陆明德扬眉不屑地看了她一眼,眼中尽是睥睨:“知道不该开口就闭上嘴!本太尉与殿下说话,哪轮得到你这个下人插嘴!”
盛静姝眉头皱的极深,想上前劝说俩句,却见庭月被呵斥却不动神色依旧笑意盈盈。
“太尉说的是,奴婢虽身份低微,却也知道‘直言进谏,匡正人君过失,君臣协力者为良臣也。’的道理,想来太尉大人也定是知晓的。”
庭月顿了顿,继续道:“陆小姐与长公主殿下关系亲近,却不曾规劝长公主殿下,反而教唆公主以权势压人,实为不当,太尉身为陆小姐的父亲,又是大燕的忠臣,却不曾教授她这个道理,殿下只好勉为其难替大人教授了,还望大人海涵。”

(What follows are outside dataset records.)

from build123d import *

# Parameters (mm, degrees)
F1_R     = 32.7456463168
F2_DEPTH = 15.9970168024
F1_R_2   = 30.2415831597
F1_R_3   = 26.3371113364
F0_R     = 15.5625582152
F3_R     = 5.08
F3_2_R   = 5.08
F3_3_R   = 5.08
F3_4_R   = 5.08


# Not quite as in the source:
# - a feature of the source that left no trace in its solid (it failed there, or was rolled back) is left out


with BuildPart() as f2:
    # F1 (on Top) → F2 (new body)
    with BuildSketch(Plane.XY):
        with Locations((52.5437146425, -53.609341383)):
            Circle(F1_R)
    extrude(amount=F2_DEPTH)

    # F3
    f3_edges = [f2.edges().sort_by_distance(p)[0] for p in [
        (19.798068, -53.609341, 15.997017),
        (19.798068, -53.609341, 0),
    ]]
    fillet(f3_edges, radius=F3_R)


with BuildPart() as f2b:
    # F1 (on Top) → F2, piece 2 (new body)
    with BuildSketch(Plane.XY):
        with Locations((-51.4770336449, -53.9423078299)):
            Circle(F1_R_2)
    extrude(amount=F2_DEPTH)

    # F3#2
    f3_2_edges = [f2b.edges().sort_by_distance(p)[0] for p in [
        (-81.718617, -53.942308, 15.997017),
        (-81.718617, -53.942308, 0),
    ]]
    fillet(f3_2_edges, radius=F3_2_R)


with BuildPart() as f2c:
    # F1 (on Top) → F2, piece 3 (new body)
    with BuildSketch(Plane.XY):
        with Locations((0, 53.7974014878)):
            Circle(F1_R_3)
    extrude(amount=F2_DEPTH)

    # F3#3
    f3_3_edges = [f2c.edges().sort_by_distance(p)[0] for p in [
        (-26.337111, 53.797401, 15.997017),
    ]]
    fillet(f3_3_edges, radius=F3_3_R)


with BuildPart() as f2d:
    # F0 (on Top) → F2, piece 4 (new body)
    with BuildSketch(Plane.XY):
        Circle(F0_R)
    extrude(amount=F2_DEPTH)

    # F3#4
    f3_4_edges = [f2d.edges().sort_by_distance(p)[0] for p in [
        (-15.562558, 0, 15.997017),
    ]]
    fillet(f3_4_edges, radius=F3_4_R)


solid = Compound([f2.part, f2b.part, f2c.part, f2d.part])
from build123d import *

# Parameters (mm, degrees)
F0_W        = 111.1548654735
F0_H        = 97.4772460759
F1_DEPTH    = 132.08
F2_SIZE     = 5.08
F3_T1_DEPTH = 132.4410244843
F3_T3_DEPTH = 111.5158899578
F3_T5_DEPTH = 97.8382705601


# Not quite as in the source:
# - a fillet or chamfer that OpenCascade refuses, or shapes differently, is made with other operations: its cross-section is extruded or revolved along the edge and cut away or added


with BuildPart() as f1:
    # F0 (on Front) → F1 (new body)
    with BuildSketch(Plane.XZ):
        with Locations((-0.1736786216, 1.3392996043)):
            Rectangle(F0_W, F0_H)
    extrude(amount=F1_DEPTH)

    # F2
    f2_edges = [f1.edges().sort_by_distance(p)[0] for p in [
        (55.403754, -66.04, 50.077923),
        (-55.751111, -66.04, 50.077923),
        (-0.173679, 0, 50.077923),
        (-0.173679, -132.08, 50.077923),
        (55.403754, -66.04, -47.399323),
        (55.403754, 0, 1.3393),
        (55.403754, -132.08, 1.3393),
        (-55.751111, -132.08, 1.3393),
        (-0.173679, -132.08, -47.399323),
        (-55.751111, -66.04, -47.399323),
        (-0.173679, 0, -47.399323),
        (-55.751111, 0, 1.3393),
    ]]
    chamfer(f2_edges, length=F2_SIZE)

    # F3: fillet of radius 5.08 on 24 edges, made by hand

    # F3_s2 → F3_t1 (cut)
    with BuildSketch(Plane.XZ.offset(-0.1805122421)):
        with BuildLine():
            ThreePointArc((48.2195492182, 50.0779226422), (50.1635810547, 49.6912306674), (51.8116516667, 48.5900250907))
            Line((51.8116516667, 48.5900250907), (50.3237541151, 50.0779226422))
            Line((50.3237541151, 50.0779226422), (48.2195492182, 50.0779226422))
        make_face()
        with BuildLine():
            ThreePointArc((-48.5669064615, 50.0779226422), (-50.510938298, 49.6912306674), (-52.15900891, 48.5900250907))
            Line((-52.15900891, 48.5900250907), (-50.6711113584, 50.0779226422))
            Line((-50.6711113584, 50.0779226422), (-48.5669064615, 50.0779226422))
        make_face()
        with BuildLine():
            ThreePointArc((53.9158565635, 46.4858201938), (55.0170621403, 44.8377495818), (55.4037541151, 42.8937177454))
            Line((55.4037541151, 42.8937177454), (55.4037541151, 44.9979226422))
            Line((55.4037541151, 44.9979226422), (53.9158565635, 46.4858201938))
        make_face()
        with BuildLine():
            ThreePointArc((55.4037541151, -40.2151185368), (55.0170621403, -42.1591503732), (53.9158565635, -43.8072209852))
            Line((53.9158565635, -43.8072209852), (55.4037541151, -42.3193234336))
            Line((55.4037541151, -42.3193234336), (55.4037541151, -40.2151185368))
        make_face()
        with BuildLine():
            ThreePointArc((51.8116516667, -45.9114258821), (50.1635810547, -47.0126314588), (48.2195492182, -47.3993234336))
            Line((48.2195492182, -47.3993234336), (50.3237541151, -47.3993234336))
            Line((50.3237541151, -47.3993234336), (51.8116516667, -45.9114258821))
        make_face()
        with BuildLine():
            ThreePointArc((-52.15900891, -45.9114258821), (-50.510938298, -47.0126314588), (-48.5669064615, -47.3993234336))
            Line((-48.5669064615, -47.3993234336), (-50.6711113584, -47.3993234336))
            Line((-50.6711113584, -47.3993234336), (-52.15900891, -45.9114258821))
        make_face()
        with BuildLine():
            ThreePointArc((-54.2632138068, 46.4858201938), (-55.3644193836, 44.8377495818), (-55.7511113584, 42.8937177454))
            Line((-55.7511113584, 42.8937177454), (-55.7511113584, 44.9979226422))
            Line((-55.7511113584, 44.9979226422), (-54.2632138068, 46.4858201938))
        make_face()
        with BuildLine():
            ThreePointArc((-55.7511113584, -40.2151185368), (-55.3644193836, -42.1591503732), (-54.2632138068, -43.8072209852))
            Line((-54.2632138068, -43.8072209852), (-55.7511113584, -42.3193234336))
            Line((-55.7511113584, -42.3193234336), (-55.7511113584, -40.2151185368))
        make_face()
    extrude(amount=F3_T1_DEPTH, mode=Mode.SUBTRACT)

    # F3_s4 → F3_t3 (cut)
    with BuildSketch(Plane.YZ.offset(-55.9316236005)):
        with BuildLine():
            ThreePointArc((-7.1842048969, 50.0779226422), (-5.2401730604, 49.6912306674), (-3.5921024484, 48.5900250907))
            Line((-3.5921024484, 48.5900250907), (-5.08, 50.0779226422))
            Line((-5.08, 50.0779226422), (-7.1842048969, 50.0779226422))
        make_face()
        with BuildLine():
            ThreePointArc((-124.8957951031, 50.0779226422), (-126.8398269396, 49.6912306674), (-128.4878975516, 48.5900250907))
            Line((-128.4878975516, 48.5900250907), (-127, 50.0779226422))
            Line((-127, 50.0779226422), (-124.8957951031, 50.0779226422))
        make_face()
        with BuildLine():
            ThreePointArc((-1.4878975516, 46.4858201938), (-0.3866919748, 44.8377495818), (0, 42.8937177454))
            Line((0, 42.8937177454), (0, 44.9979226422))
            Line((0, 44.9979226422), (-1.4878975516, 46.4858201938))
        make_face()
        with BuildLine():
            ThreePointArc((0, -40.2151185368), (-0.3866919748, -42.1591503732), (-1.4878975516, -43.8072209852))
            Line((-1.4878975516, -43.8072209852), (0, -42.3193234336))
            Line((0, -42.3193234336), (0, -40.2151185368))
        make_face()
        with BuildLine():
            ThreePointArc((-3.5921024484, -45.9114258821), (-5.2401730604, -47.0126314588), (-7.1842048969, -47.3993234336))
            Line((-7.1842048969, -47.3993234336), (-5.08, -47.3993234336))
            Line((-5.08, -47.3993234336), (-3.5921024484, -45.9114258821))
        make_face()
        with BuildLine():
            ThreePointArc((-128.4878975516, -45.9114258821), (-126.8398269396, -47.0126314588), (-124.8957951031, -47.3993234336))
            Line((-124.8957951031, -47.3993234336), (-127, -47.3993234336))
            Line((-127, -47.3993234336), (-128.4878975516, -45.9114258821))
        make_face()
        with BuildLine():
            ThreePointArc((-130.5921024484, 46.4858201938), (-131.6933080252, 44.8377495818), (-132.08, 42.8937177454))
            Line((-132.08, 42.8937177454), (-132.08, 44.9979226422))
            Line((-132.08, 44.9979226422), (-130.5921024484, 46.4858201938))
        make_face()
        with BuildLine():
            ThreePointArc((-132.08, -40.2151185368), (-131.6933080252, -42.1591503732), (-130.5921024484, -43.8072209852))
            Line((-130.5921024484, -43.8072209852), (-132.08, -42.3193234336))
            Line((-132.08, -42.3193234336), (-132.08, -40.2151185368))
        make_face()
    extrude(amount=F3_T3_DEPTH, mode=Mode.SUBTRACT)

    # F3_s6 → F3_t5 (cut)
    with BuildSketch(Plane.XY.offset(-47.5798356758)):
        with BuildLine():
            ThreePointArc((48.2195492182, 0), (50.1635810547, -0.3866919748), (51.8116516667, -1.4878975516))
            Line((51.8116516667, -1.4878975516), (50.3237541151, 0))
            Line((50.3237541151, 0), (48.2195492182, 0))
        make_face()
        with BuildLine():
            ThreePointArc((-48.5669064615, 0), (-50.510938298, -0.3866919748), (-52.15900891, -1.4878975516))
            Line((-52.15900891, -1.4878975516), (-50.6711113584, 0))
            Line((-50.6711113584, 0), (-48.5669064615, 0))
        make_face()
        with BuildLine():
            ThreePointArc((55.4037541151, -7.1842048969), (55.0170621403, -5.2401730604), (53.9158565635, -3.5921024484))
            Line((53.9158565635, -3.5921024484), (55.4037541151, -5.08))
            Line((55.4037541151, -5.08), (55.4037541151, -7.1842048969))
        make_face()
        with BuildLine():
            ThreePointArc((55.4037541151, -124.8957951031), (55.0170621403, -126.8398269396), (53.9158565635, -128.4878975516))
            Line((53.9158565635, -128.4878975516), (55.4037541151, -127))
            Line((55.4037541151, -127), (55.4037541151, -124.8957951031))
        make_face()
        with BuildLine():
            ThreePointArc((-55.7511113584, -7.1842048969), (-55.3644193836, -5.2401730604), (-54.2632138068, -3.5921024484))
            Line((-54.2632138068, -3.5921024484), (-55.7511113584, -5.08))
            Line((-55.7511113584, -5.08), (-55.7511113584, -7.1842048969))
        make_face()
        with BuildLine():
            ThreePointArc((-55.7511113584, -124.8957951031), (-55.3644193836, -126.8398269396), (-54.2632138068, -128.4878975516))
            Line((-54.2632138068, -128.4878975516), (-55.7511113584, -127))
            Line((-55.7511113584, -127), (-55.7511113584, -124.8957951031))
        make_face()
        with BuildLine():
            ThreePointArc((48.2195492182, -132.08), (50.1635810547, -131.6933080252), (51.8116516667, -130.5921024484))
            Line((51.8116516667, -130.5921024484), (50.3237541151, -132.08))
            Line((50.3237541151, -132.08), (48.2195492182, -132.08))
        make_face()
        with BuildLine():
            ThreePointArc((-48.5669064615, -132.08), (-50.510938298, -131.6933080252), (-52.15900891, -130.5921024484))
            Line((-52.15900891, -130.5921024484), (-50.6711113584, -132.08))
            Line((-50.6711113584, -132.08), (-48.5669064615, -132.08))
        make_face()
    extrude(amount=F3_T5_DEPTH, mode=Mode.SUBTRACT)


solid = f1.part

盛静姝脚下的步伐停住了,带着审视的目光扫视着站在萧策身侧的女子,她虽长着一张与先王妃有五六分相似的脸,但性格却与先王妃截然不同,她口中说着自己身份低微,却敢了当地直视着在疆场厮杀多年,位高权重的官员,尽管当众被羞辱,却神色自如,不见惧意。
她忽然开始想,若是林汀晚此刻站在殿下身侧,会是怎样情形,或许她会温声劝导,平息事态,顾全大局,而不是像她一样,嘴上说着不该开口,却直言陆太尉家教不严,陆锦欢谄媚教唆。
她心里明白当然是前者更为妥当,但庭月的表现却更让她心里警铃大作。
萧策眼底也划过一丝诧异,这和她刚刚的表现截然不同。
果然是故意装给他看的啊。
“你!”陆明德面上戾气更甚,他厌恶地盯着庭月:“你是个什么东西,也敢来指责本太尉!”
萧策将她拉到自己身后,严严实实地挡在她身前:“她是我的人,太尉最好谨言慎行。”
他声音平淡,似乎并未因陆太尉的怒气而有什么波动,但说出的话却让厅内的人呼吸一滞,虽然萧策与陆明德不合是众所周知的事,但当面交锋却是头一次。
陆明德走近了俩步,偏头盯着庭月道:“殿下行事如此荒唐,不得不让老臣怀疑殿下是否还能担任辅佐陛下的职责。”
“这事好像不关太尉的事吧,我辅佐陛下是先帝钦定,太尉此言是在质疑先帝吗?”萧策微微扬眉,带有挑衅意味地看着陆德明。“倒是太尉不是告病在家吗?怎么我瞧着太尉面色红润,气色倒是很好,难道今日是故意不来的?”
“那本王明日可是要参太尉一本欺君之罪了。”
萧策眯了眯眼睛,观察着陆明德的神色变化。
他不知道这次刺杀的事情是否与他有关,但在这个节点,他却偏偏告了假,不免有想将自己从这事情中摘出去的嫌疑。
陆明德鼻中哼出一口粗气,继而利刃一般的目光直直看进萧策眼里,讥讽道:“老臣老眼昏花,一时竟认不得,殿下允许一个贱籍女子坐在百官之上的位置上,这将我们的颜面置于何地?”
“本王的位置,本王让谁坐就让谁坐,何人敢有异议?”萧策淡淡道,随后眼神一一扫过噤声的众人。
一时之间厅内寂寞无声。
“太尉?”一道惊诧的声音从身后传来,打破了此刻的死寂。
庭月看见身着明黄色衣衫的少年快步从厅外走来,他面色微微有些红润,方才喝酒喝的快了些,出去走了走,但还是没消解掉酒气,听见内侍传告,就急匆匆地回了殿内。
“朕还以为朕看错了,太尉不是告病在家吗,怎么竟来了?”小皇帝走到二人中间,看了看一派自得的萧策,又看了看面色铁青的太尉,心下已经了然。